What you need to do ::
From the line that contains "Drone_1/1(phi_vector) -> phi_vector/1" to the end of the records below, copy every line exactly. Both the first and last of these lines count.

#### Study material

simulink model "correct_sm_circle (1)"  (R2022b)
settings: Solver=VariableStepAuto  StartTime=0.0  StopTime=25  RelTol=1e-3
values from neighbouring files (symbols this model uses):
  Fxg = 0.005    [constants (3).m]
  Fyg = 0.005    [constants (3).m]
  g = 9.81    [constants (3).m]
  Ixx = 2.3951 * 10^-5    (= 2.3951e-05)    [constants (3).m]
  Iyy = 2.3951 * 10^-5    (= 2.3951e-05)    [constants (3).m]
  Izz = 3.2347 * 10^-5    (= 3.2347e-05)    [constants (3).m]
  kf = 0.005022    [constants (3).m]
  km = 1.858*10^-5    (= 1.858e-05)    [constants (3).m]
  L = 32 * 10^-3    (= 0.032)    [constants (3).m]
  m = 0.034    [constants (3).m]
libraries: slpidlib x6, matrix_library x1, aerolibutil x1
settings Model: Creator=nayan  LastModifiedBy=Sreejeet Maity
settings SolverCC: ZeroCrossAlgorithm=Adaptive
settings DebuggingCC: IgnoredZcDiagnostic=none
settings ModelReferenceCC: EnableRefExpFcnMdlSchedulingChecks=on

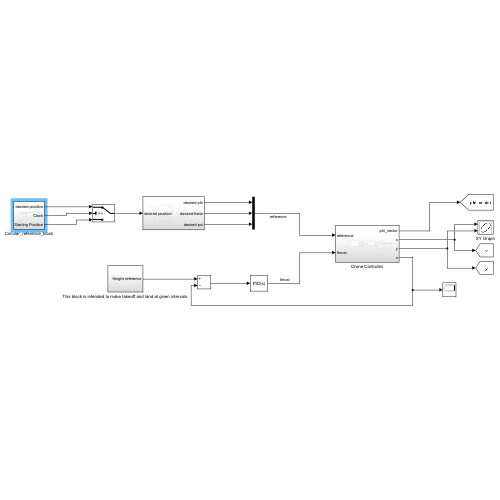
[thumbnail: Simulink's stored preview of the top-level diagram]
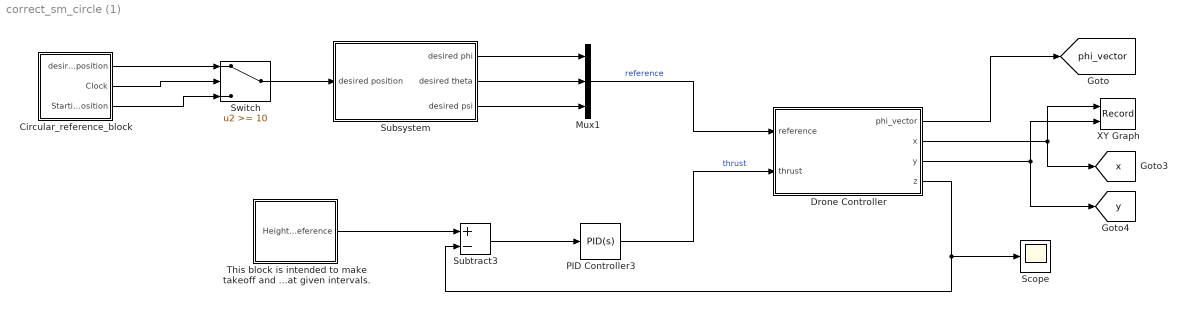
== system correct_sm_circle (1) ==
  Circular_reference_block : Subsystem
  Drone Controller : Subsystem
  Mux1 : Mux  Inputs=3
  PID Controller3 : slpidlib/PID Controller  Controller=PID  Form=Parallel  TimeDomain=Continuous-time  UseExternalTs=off  SampleTime=-1  IntegratorMethod=Forward Euler  FilterMethod=Forward Euler  ControllerParametersSource=internal  P=291  I=47.33  UseKiTs=off  D=18.69  N=1478  UseFilter=on  TunerSelectOption=Transfer Function Based (PID Tuner App)  InitialConditionSource=internal  InitialConditionForIntegrator=0  InitialConditionForFilter=0  DifferentiatorICPrevScaledInput=0  ExternalReset=none  TrackingMode=off  Kt=1  LimitOutput=off  SatLimitsSource=internal  UpperSaturationLimit=inf  LowerSaturationLimit=-inf  LinearizeAsGain=on  AntiWindupMode=none  Kb=1  LimitIntegrator=off  UpperIntegratorSaturationLimit=inf  LowerIntegratorSaturationLimit=-inf  POutMin=[]  POutMax=[]  IOutMin=[]  IOutMax=[]  DOutMin=[]  DOutMax=[]  NOutMin=[]  NOutMax=[]  SumOutMin=[]  SumOutMax=[]  SaturationOutMin=[]  SaturationOutMax=[]  PParamMin=[]  PParamMax=[]  IParamMin=[]  IParamMax=[]  DParamMin=[]  DParamMax=[]  NParamMin=[]  NParamMax=[]  KbParamMin=[]  KbParamMax=[]  KtParamMin=[]  KtParamMax=[]  KbOutMin=[]  KbOutMax=[]  KtOutMin=[]  KtOutMax=[]  IntegratorOutMin=[]  IntegratorOutMax=[]  FilterOutMin=[]  FilterOutMax=[]  SumI1OutMin=[]  SumI1OutMax=[]  SumI2OutMin=[]  SumI2OutMax=[]  SumI3OutMin=[]  SumI3OutMax=[]  SumI4OutMin=[]  SumI4OutMax=[]  SumDOutMin=[]  SumDOutMax=[]  DifferentiatorOutMin=[]  DifferentiatorOutMax=[]  FilterDiffOutCoefMin=[]  FilterDiffOutCoefMax=[]  ReciprocalOutMin=[]  ReciprocalOutMax=[]  SumDenOutMin=[]  SumDenOutMax=[]  SumNumOutMin=[]  SumNumOutMax=[]  DivideOutMin=[]  DivideOutMax=[]  UdiffTsProdOutMin=[]  UdiffTsProdOutMax=[]  NTsProdOutMin=[]  NTsProdOutMax=[]  UintegralTsProdOutMin=[]  UintegralTsProdOutMax=[]  UngainTsProdOutMin=[]  UngainTsProdOutMax=[]  ClampingZeroOutDataTypeStr=Inherit: Inherit via back propagation  ClampingZeroOutMin=[]  ClampingZeroOutMax=[]  FilterDenConstantOutDataTypeStr=Inherit: Inherit via back propagation  FilterDenConstantOutMin=[]  FilterDenConstantOutMax=[]  PCopyOutDataTypeStr=Inherit: Inherit via back propagation  PCopyOutMin=[]  PCopyOutMax=[]  NCopyOutDataTypeStr=Inherit: Inherit via back propagation  NCopyOutMin=[]  NCopyOutMax=[]  IntegratorContinuousStateAttributes=''  IntegratorStateMustResolveToSignalObject=off  IntegratorRTWStateStorageClass=Auto  FilterContinuousStateAttributes=''  FilterStateMustResolveToSignalObject=off  FilterRTWStateStorageClass=Auto  ParallelPVariant=InternalParameters  IdealPVariant=Disabled  IVariant=InternalParameters  DVariant=InternalParameters  IntegratorVariant=Continuous  SatVariant=Disabled  AWVariant=Passthrough  PCopyVariant=Disabled  TRVariant=Disabled  FdbkBlocksVariant=Forward  IdealPFdbkVariant=Disabled  SatFdbkVariant=Disabled  DerivativeFilterVariant=ContFilter  NVariant=InternalParameters  NCopyVariant=Disabled  FilterICVariant=InternalICsFilter  IntegratorICVariant=InternalICs  ExternalResetVariant=Disabled  TRSumVariant=Passthrough  SumFdbkVariant=Disabled  SumVariant=Sum_PID  TsampFilterVariant=InternalTs  TsampNgainVariant=Passthrough  TsampIntegralVariant=Passthrough  ExternalSaturationOutDataTypeStr=Inherit: Same as second input
  Scope : Scope
  Subsystem : Subsystem
  Subtract3 : Sum  Inputs=+-
  Switch : Switch  Threshold=10  SaturateOnIntegerOverflow=off  InputSameDT=off
  This block is intended to make takeoff and land at given intervals. : Subsystem
  XY Graph : Record  FileSettingsInternal="{\"entries\":[{\"content\":{\"excelSettings\":{\"content\":{},\"type\":\"Streamout.ExcelSettings\"}},\"type\":\"Streamout.FileSettingStorage\",\"uuid\":\"8c642e62-005c-4423-a761-cbdb6bbecf0f\"}],\"packageUris\":[\"http://schema.mathworks.com/mf0/streamout_blocks/R2020a\"],\"version\":\"1.0\"}"  Layout=[1 1]  SignalsInternal="{\"entries\":[{\"content\":{\"signals\":[{\"content\":{\"blockPath\":[\"correct_sm_circle/XY Graph\"],\"channel\":[],\"dimensions\":[1],\"domain\":\"correct_sm_circle/XY Graph\",\"lineColor\":\"#a2142f\",\"plots\":[1],\"port\":1,\"sid\":[\"\"],\"signalID\":12972,\"signalName\":\"Drone Controller:2\"},\"type\":\"RecordBlkView.Signal\",\"uuid\":\"ff125678-109d-4bf1-ad2c-892bd237ab7f\"},{\"content\":{\"blockPath\":[\"correct_sm_circle/XY Graph\"],\"channel\":[],\"dimensions\":[1],\"domain\":\"correct_sm_circle/XY Graph\",\"lineColor\":\"#139fff\",\"plots\":[1],\"port\":2,\"sid\":[\"\"],\"signalID\":12976,\"signalName\":\"Drone Controller:3\"},\"type\":\"RecordBlkView.Signal\",\"uuid\":\"d1c5deef-ede5-4cd3-9f15-060bb912ac46\"}]},\"type\":\"RecordBlkView.InputSignals\",\"uuid\":\"1252a0e8-627c-4691-9929-d6fd4d200b48\"}],\"packageUris\":[\"http://schema.mathworks.com/mf0/streamout_blocks/R2020a\"],\"version\":\"1.0\"}"  VisualizationBindings="{\"xyplotplugin\":{\"info\":[{\"series\":[{\"bindingParametersList\":[{\"parameter\":\"X-Axis\",\"signalID\":12972,\"signalName\":\"Drone Controller:2\"},{\"parameter\":\"Y-Axis\",\"signalID\":12976,\"signalName\":\"Drone Controller:3\"}],\"seriesID\":36752}],\"subplotID\":1}]}}"  CompatibilityTag=XY
  tag scope: phi_vector=global, x=global, y=global
  wires:
  Subtract3/1 -> PID Controller3/1
  Subsystem/1(desired phi) -> Mux1/1
  Subsystem/2(desired theta) -> Mux1/2
  Subsystem/3(desired psi) -> Mux1/3
  Switch/1 -> Subsystem/1(desired position)
  Circular_reference_block/1(desired position) -> Switch/1
  Circular_reference_block/2(Clock) -> Switch/2
  Circular_reference_block/3(Starting Position) -> Switch/3
  This block is intended to make takeoff and land at given intervals./1(Height reference) -> Subtract3/1
  Drone Controller/2(x) -> XY Graph/1, [x]
  Drone Controller/3(y) -> XY Graph/2, [y]
  Drone Controller/4(z) -> Subtract3/2, Scope/1
  Mux1/1 -> Drone Controller/1(reference)  "reference"
  PID Controller3/1 -> Drone Controller/2(thrust)  "thrust"
  Drone Controller/1(phi_vector) -> [phi_vector]

== system correct_sm_circle (1)/Circular_reference_block ==
  Circular_reference : Subsystem
  Desired Position : Scope
  Initial Position : Constant  Value=[1 ; 0]
  Mux3 : Mux  Inputs=2
  desired position : Outport
  Clock : Outport  Port=2
  Starting Position : Outport  Port=3
  wires:
  Initial Position/1 -> Starting Position/1
  Mux3/1 -> desired position/1, Desired Position/1  "desired position"
  Circular_reference/2(cos(t-10)) -> Mux3/1
  Circular_reference/3(sin(t-10)) -> Mux3/2
  Circular_reference/1(Clock) -> Clock/1

== system correct_sm_circle (1)/Drone Controller ==
  reference : Inport
  thrust : Inport  Port=2
  Attitude Controller : Subsystem
  Drone_1 : Subsystem
  Mux : Mux
  phi_vector : Outport
  x : Outport  Port=2
  y : Outport  Port=3
  z : Outport  Port=4
  wires:
  Drone_1/4(z) -> z/1
  Attitude Controller/1(w1_square) -> Mux/1
  Attitude Controller/3(w3_square) -> Mux/3
  Drone_1/2(x) -> x/1
  Mux/1 -> Drone_1/1(squares of motor omega in rpm)  "squares of motor omega in rpm"
  Drone_1/3(y) -> y/1
  Attitude Controller/2(w2_square) -> Mux/2
  Attitude Controller/4(w4_square) -> Mux/4
  Drone_1/1(phi_vector) -> phi_vector/1
  thrust/1 -> Attitude Controller/2("thrust ")
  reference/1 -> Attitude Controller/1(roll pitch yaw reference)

########

Reply to the task ::
  Drone_1/1(phi_vector) -> phi_vector/1
  thrust/1 -> Attitude Controller/2("thrust ")
  reference/1 -> Attitude Controller/1(roll pitch yaw reference)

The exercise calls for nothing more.